# Video: Finding the Average Value of a Function Involving Trigonometric Functions on a Given Interval Using Integration by Substitution

Find the average value of 𝑓(𝑥) = sin 𝑥 cos⁴𝑥 on the interval [0, 𝜋/2].

04:12

### Video Transcript

Find the average value of the function 𝑓 of 𝑥 is equal to the sin of 𝑥 multiplied by the cos to the fourth power of 𝑥 on the closed interval zero to 𝜋 over two.

We start by recalling that the average value of a function over a closed interval from 𝑎 to 𝑏 is equal to one over 𝑏 minus 𝑎 multiplied by the integral from 𝑎 to 𝑏 of 𝑓 of 𝑥, with respect to 𝑥. In our question, we have that 𝑓 of 𝑥 is equal to sin of 𝑥 multiplied by the cos to the fourth power of 𝑥. And we see that this is defined on the closed interval zero to 𝜋 over two, so we can have that 𝑎 is equal to zero and that 𝑏 is equal to 𝜋 over two.

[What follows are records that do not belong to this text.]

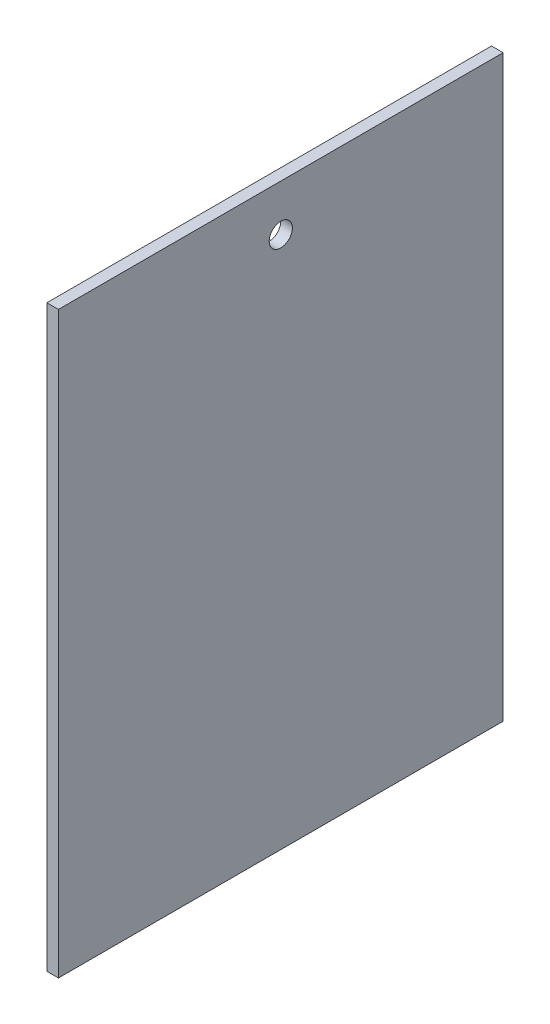
ISO-10303-21;
HEADER;
FILE_DESCRIPTION(('STEP AP214'),'2;1');
FILE_NAME('part.step','',(''),(''),'','','');
FILE_SCHEMA(('AUTOMOTIVE_DESIGN { 1 0 10303 214 1 1 1 1 }'));
ENDSEC;
DATA;
#1=APPLICATION_CONTEXT('core data for automotive mechanical design processes');
#2=APPLICATION_PROTOCOL_DEFINITION('international standard','automotive_design',2000,#1);
#3=PRODUCT_CONTEXT('',#1,'mechanical');
#4=PRODUCT('Part','Part','',(#3));
#5=PRODUCT_RELATED_PRODUCT_CATEGORY('part','',(#4));
#6=PRODUCT_DEFINITION_FORMATION('','',#4);
#7=PRODUCT_DEFINITION_CONTEXT('part definition',#1,'design');
#8=PRODUCT_DEFINITION('design','',#6,#7);
#9=PRODUCT_DEFINITION_SHAPE('','',#8);
#10=(LENGTH_UNIT() NAMED_UNIT(*) SI_UNIT(.MILLI.,.METRE.));
#11=(NAMED_UNIT(*) PLANE_ANGLE_UNIT() SI_UNIT($,.RADIAN.));
#12=(NAMED_UNIT(*) SI_UNIT($,.STERADIAN.) SOLID_ANGLE_UNIT());
#13=UNCERTAINTY_MEASURE_WITH_UNIT(LENGTH_MEASURE(1.E-05),#10,'distance_accuracy_value','');
#14=(GEOMETRIC_REPRESENTATION_CONTEXT(3) GLOBAL_UNCERTAINTY_ASSIGNED_CONTEXT((#13)) GLOBAL_UNIT_ASSIGNED_CONTEXT((#10,
#11,#12)) REPRESENTATION_CONTEXT('',''));
#15=CARTESIAN_POINT('',(0.,0.,0.));
#16=DIRECTION('',(0.,0.,1.));
#17=DIRECTION('',(1.,0.,0.));
#18=AXIS2_PLACEMENT_3D('',#15,#16,#17);
#19=CARTESIAN_POINT('',(5.,250.,-192.));
#20=DIRECTION('',(0.,0.,1.));
#21=DIRECTION('',(0.,-1.,0.));
#22=AXIS2_PLACEMENT_3D('',#19,#20,#21);
#23=PLANE('',#22);
#24=DIRECTION('',(0.,1.,0.));
#25=VECTOR('',#24,1.);
#26=CARTESIAN_POINT('',(-5.,250.,-192.));
#27=LINE('',#26,#25);
#28=CARTESIAN_POINT('',(-5.,-250.,-192.));
#29=VERTEX_POINT('',#28);
#30=CARTESIAN_POINT('',(-5.,250.,-192.));
#31=VERTEX_POINT('',#30);
#32=EDGE_CURVE('E98',#29,#31,#27,.T.);
#33=ORIENTED_EDGE('',*,*,#32,.T.);
#34=DIRECTION('',(-1.,0.,0.));
#35=VECTOR('',#34,1.);
#36=CARTESIAN_POINT('',(5.,250.,-192.));
#37=LINE('',#36,#35);
#38=CARTESIAN_POINT('',(5.,250.,-192.));
#39=VERTEX_POINT('',#38);
#40=EDGE_CURVE('E11',#39,#31,#37,.T.);
#41=ORIENTED_EDGE('',*,*,#40,.F.);
#42=DIRECTION('',(0.,1.,0.));
#43=VECTOR('',#42,1.);
#44=CARTESIAN_POINT('',(5.,250.,-192.));
#45=LINE('',#44,#43);
#46=CARTESIAN_POINT('',(5.,-250.,-192.));
#47=VERTEX_POINT('',#46);
#48=EDGE_CURVE('E86',#47,#39,#45,.T.);
#49=ORIENTED_EDGE('',*,*,#48,.F.);
#50=DIRECTION('',(-1.,0.,0.));
#51=VECTOR('',#50,1.);
#52=CARTESIAN_POINT('',(5.,-250.,-192.));
#53=LINE('',#52,#51);
#54=EDGE_CURVE('E94',#47,#29,#53,.T.);
#55=ORIENTED_EDGE('',*,*,#54,.T.);
#56=EDGE_LOOP('',(#33,#41,#49,#55));
#57=FACE_BOUND('',#56,.T.);
#58=ADVANCED_FACE('F35',(#57),#23,.F.);
#59=CARTESIAN_POINT('',(5.,250.,192.));
#60=DIRECTION('',(0.,-1.,0.));
#61=DIRECTION('',(0.,0.,-1.));
#62=AXIS2_PLACEMENT_3D('',#59,#60,#61);
#63=PLANE('',#62);
#64=DIRECTION('',(0.,0.,1.));
#65=VECTOR('',#64,1.);
#66=CARTESIAN_POINT('',(-5.,250.,192.));
#67=LINE('',#66,#65);
#68=CARTESIAN_POINT('',(-5.,250.,192.));
#69=VERTEX_POINT('',#68);
#70=EDGE_CURVE('E90',#31,#69,#67,.T.);
#71=ORIENTED_EDGE('',*,*,#70,.T.);
#72=DIRECTION('',(-1.,0.,0.));
#73=VECTOR('',#72,1.);
#74=CARTESIAN_POINT('',(5.,250.,192.));
#75=LINE('',#74,#73);
#76=CARTESIAN_POINT('',(5.,250.,192.));
#77=VERTEX_POINT('',#76);
#78=EDGE_CURVE('E43',#77,#69,#75,.T.);
#79=ORIENTED_EDGE('',*,*,#78,.F.);
#80=DIRECTION('',(0.,0.,1.));
#81=VECTOR('',#80,1.);
#82=CARTESIAN_POINT('',(5.,250.,192.));
#83=LINE('',#82,#81);
#84=EDGE_CURVE('E81',#39,#77,#83,.T.);
#85=ORIENTED_EDGE('',*,*,#84,.F.);
#86=ORIENTED_EDGE('',*,*,#40,.T.);
#87=EDGE_LOOP('',(#71,#79,#85,#86));
#88=FACE_BOUND('',#87,.T.);
#89=ADVANCED_FACE('F89',(#88),#63,.F.);
#90=CARTESIAN_POINT('',(5.,250.,192.));
#91=DIRECTION('',(0.,0.,-1.));
#92=DIRECTION('',(0.,1.,0.));
#93=AXIS2_PLACEMENT_3D('',#90,#91,#92);
#94=PLANE('',#93);
#95=DIRECTION('',(0.,-1.,0.));
#96=VECTOR('',#95,1.);
#97=CARTESIAN_POINT('',(-5.,250.,192.));
#98=LINE('',#97,#96);
#99=CARTESIAN_POINT('',(-5.,-250.,192.));
#100=VERTEX_POINT('',#99);
#101=EDGE_CURVE('E68',#69,#100,#98,.T.);
#102=ORIENTED_EDGE('',*,*,#101,.T.);
#103=DIRECTION('',(-1.,0.,0.));
#104=VECTOR('',#103,1.);
#105=CARTESIAN_POINT('',(5.,-250.,192.));
#106=LINE('',#105,#104);
#107=CARTESIAN_POINT('',(5.,-250.,192.));
#108=VERTEX_POINT('',#107);
#109=EDGE_CURVE('E91',#108,#100,#106,.T.);
#110=ORIENTED_EDGE('',*,*,#109,.F.);
#111=DIRECTION('',(0.,-1.,0.));
#112=VECTOR('',#111,1.);
#113=CARTESIAN_POINT('',(5.,250.,192.));
#114=LINE('',#113,#112);
#115=EDGE_CURVE('E84',#77,#108,#114,.T.);
#116=ORIENTED_EDGE('',*,*,#115,.F.);
#117=ORIENTED_EDGE('',*,*,#78,.T.);
#118=EDGE_LOOP('',(#102,#110,#116,#117));
#119=FACE_BOUND('',#118,.T.);
#120=ADVANCED_FACE('F92',(#119),#94,.F.);
#121=CARTESIAN_POINT('',(5.,-250.,192.));
#122=DIRECTION('',(0.,1.,0.));
#123=DIRECTION('',(0.,0.,1.));
#124=AXIS2_PLACEMENT_3D('',#121,#122,#123);
#125=PLANE('',#124);
#126=DIRECTION('',(0.,0.,-1.));
#127=VECTOR('',#126,1.);
#128=CARTESIAN_POINT('',(-5.,-250.,192.));
#129=LINE('',#128,#127);
#130=EDGE_CURVE('E74',#100,#29,#129,.T.);
#131=ORIENTED_EDGE('',*,*,#130,.T.);
#132=ORIENTED_EDGE('',*,*,#54,.F.);
#133=DIRECTION('',(0.,0.,-1.));
#134=VECTOR('',#133,1.);
#135=CARTESIAN_POINT('',(5.,-250.,192.));
#136=LINE('',#135,#134);
#137=EDGE_CURVE('E51',#108,#47,#136,.T.);
#138=ORIENTED_EDGE('',*,*,#137,.F.);
#139=ORIENTED_EDGE('',*,*,#109,.T.);
#140=EDGE_LOOP('',(#131,#132,#138,#139));
#141=FACE_BOUND('',#140,.T.);
#142=ADVANCED_FACE('F106',(#141),#125,.F.);
#143=CARTESIAN_POINT('',(5.,0.,0.));
#144=DIRECTION('',(1.,0.,0.));
#145=DIRECTION('',(0.,0.,-1.));
#146=AXIS2_PLACEMENT_3D('',#143,#144,#145);
#147=PLANE('',#146);
#148=CARTESIAN_POINT('',(5.,210.,0.));
#149=DIRECTION('',(1.,0.,0.));
#150=DIRECTION('',(0.,0.,-1.));
#151=AXIS2_PLACEMENT_3D('',#148,#149,#150);
#152=CIRCLE('',#151,10.);
#153=CARTESIAN_POINT('',(5.,210.,-10.));
#154=VERTEX_POINT('',#153);
#155=EDGE_CURVE('E112',#154,#154,#152,.T.);
#156=ORIENTED_EDGE('',*,*,#155,.F.);
#157=EDGE_LOOP('',(#156));
#158=FACE_BOUND('',#157,.T.);
#159=ORIENTED_EDGE('',*,*,#48,.T.);
#160=ORIENTED_EDGE('',*,*,#84,.T.);
#161=ORIENTED_EDGE('',*,*,#115,.T.);
#162=ORIENTED_EDGE('',*,*,#137,.T.);
#163=EDGE_LOOP('',(#159,#160,#161,#162));
#164=FACE_BOUND('',#163,.T.);
#165=ADVANCED_FACE('F82',(#158,#164),#147,.T.);
#166=CARTESIAN_POINT('',(-5.,0.,0.));
#167=DIRECTION('',(1.,0.,0.));
#168=DIRECTION('',(0.,0.,-1.));
#169=AXIS2_PLACEMENT_3D('',#166,#167,#168);
#170=PLANE('',#169);
#171=CARTESIAN_POINT('',(-5.,210.,0.));
#172=DIRECTION('',(1.,0.,0.));
#173=DIRECTION('',(0.,0.,-1.));
#174=AXIS2_PLACEMENT_3D('',#171,#172,#173);
#175=CIRCLE('',#174,10.);
#176=CARTESIAN_POINT('',(-5.,210.,-10.));
#177=VERTEX_POINT('',#176);
#178=EDGE_CURVE('E101',#177,#177,#175,.T.);
#179=ORIENTED_EDGE('',*,*,#178,.T.);
#180=EDGE_LOOP('',(#179));
#181=FACE_BOUND('',#180,.T.);
#182=ORIENTED_EDGE('',*,*,#32,.F.);
#183=ORIENTED_EDGE('',*,*,#130,.F.);
#184=ORIENTED_EDGE('',*,*,#101,.F.);
#185=ORIENTED_EDGE('',*,*,#70,.F.);
#186=EDGE_LOOP('',(#182,#183,#184,#185));
#187=FACE_BOUND('',#186,.T.);
#188=ADVANCED_FACE('F109',(#181,#187),#170,.F.);
#189=CARTESIAN_POINT('',(-5.,210.,0.));
#190=DIRECTION('',(1.,0.,0.));
#191=DIRECTION('',(0.,0.,-1.));
#192=AXIS2_PLACEMENT_3D('',#189,#190,#191);
#193=CYLINDRICAL_SURFACE('',#192,10.);
#194=ORIENTED_EDGE('',*,*,#178,.F.);
#195=EDGE_LOOP('',(#194));
#196=FACE_BOUND('',#195,.T.);
#197=ORIENTED_EDGE('',*,*,#155,.T.);
#198=EDGE_LOOP('',(#197));
#199=FACE_BOUND('',#198,.T.);
#200=ADVANCED_FACE('F119',(#196,#199),#193,.F.);
#201=CLOSED_SHELL('',(#58,#89,#120,#142,#165,#188,#200));
#202=MANIFOLD_SOLID_BREP('B2',#201);
#203=ADVANCED_BREP_SHAPE_REPRESENTATION('',(#18,#202),#14);
#204=SHAPE_DEFINITION_REPRESENTATION(#9,#203);
ENDSEC;
END-ISO-10303-21;

Now, we can substitute this information into our formula to give us that the average value of the function 𝑓 of 𝑥 over the interval zero to 𝜋 over two is equal to one divided by 𝜋 over two minus zero multiplied by the integral from zero to 𝜋 over two of the sin of 𝑥 multiplied by the cos to the fourth power of 𝑥, with respect to 𝑥. We could start by noticing that one divided by 𝜋 over two minus zero can be simplified to just be two divided by 𝜋.

Now, to evaluate this integral, we need to notice that sin 𝑥 is a multiple of the derivative of the inner part of our composite function, the cos to the fourth power of 𝑥. What this tells us is that we can use integration by substitution to evaluate this integral. So, if we let 𝑢 be equal to the cos of 𝑥, we must have the derivative of 𝑢 with respect to 𝑥 will be equal to negative sin of 𝑥. We must be careful at this point since d𝑢 by d𝑥 is not actually a fraction. But when we are performing an integration by substitution, we can treat it a little bit like a fraction. This would give us that d𝑢 is equal to negative the sin of 𝑥 d𝑥.

We see that we now have a negative sin 𝑥 d𝑥, but our integrand has sin 𝑥 d𝑥. We can get around this by multiplying our integrand by negative one and multiplying the whole integral by negative one. We can then use the fact that d𝑢 is equal to negative the sin of 𝑥 d𝑥 to rewrite our integral as negative two over 𝜋 multiplied by the integral of the cos to the fourth power of 𝑥 d𝑢, where we don’t write the limits to our integral yet because we know an integration by substitution will change the value of our limits.

We now use our substitution that 𝑢 is equal to the cos of 𝑥 to rewrite our integrand of the cos to the fourth power of 𝑥 as just 𝑢 to the fourth power. We will now alter the limits of our integral by using substitution, 𝑢 is equal to the cos of 𝑥. We have when 𝑥 is equal to 𝜋 over two, 𝑢 is equal to the cos of 𝜋 over two, which we know is equal to zero. So, we can write the upper limit of our integral as zero.

Similarly, when 𝑥 is equal to zero, we will have that 𝑢 is equal to the cos of zero, which is equal to one, giving us that the lower limit of our integral is one. We can now evaluate this integral by using the power rule for integrals, which says that if 𝑛 is not equal to negative one, then the integral of 𝑥 to the 𝑛th power with respect to 𝑥 is equal to 𝑥 to the power of 𝑛 plus one divided by 𝑛 plus one plus our constant of integration, 𝑐. Where it’s worth noting that we can ignore the constant of integration in this case since we are working with a definite integral.

This gives us that the integral of 𝑢 to the fourth power is equal to 𝑢 to the four plus one divided by four plus one, which we can simplify to just be 𝑢 to the fifth power divided by five. We can then evaluate this at the limits of zero and one to give us negative two over 𝜋 multiplied by zero to the fifth power over five minus one to the fifth power over five. Which, if we calculate, will give us two divided by five 𝜋. Meaning that the average value of the function 𝑓 of 𝑥 is equal to sin of 𝑥 multiplied by cos to the fourth power of 𝑥 on the closed interval zero to 𝜋 over two is equal to two divided by five 𝜋.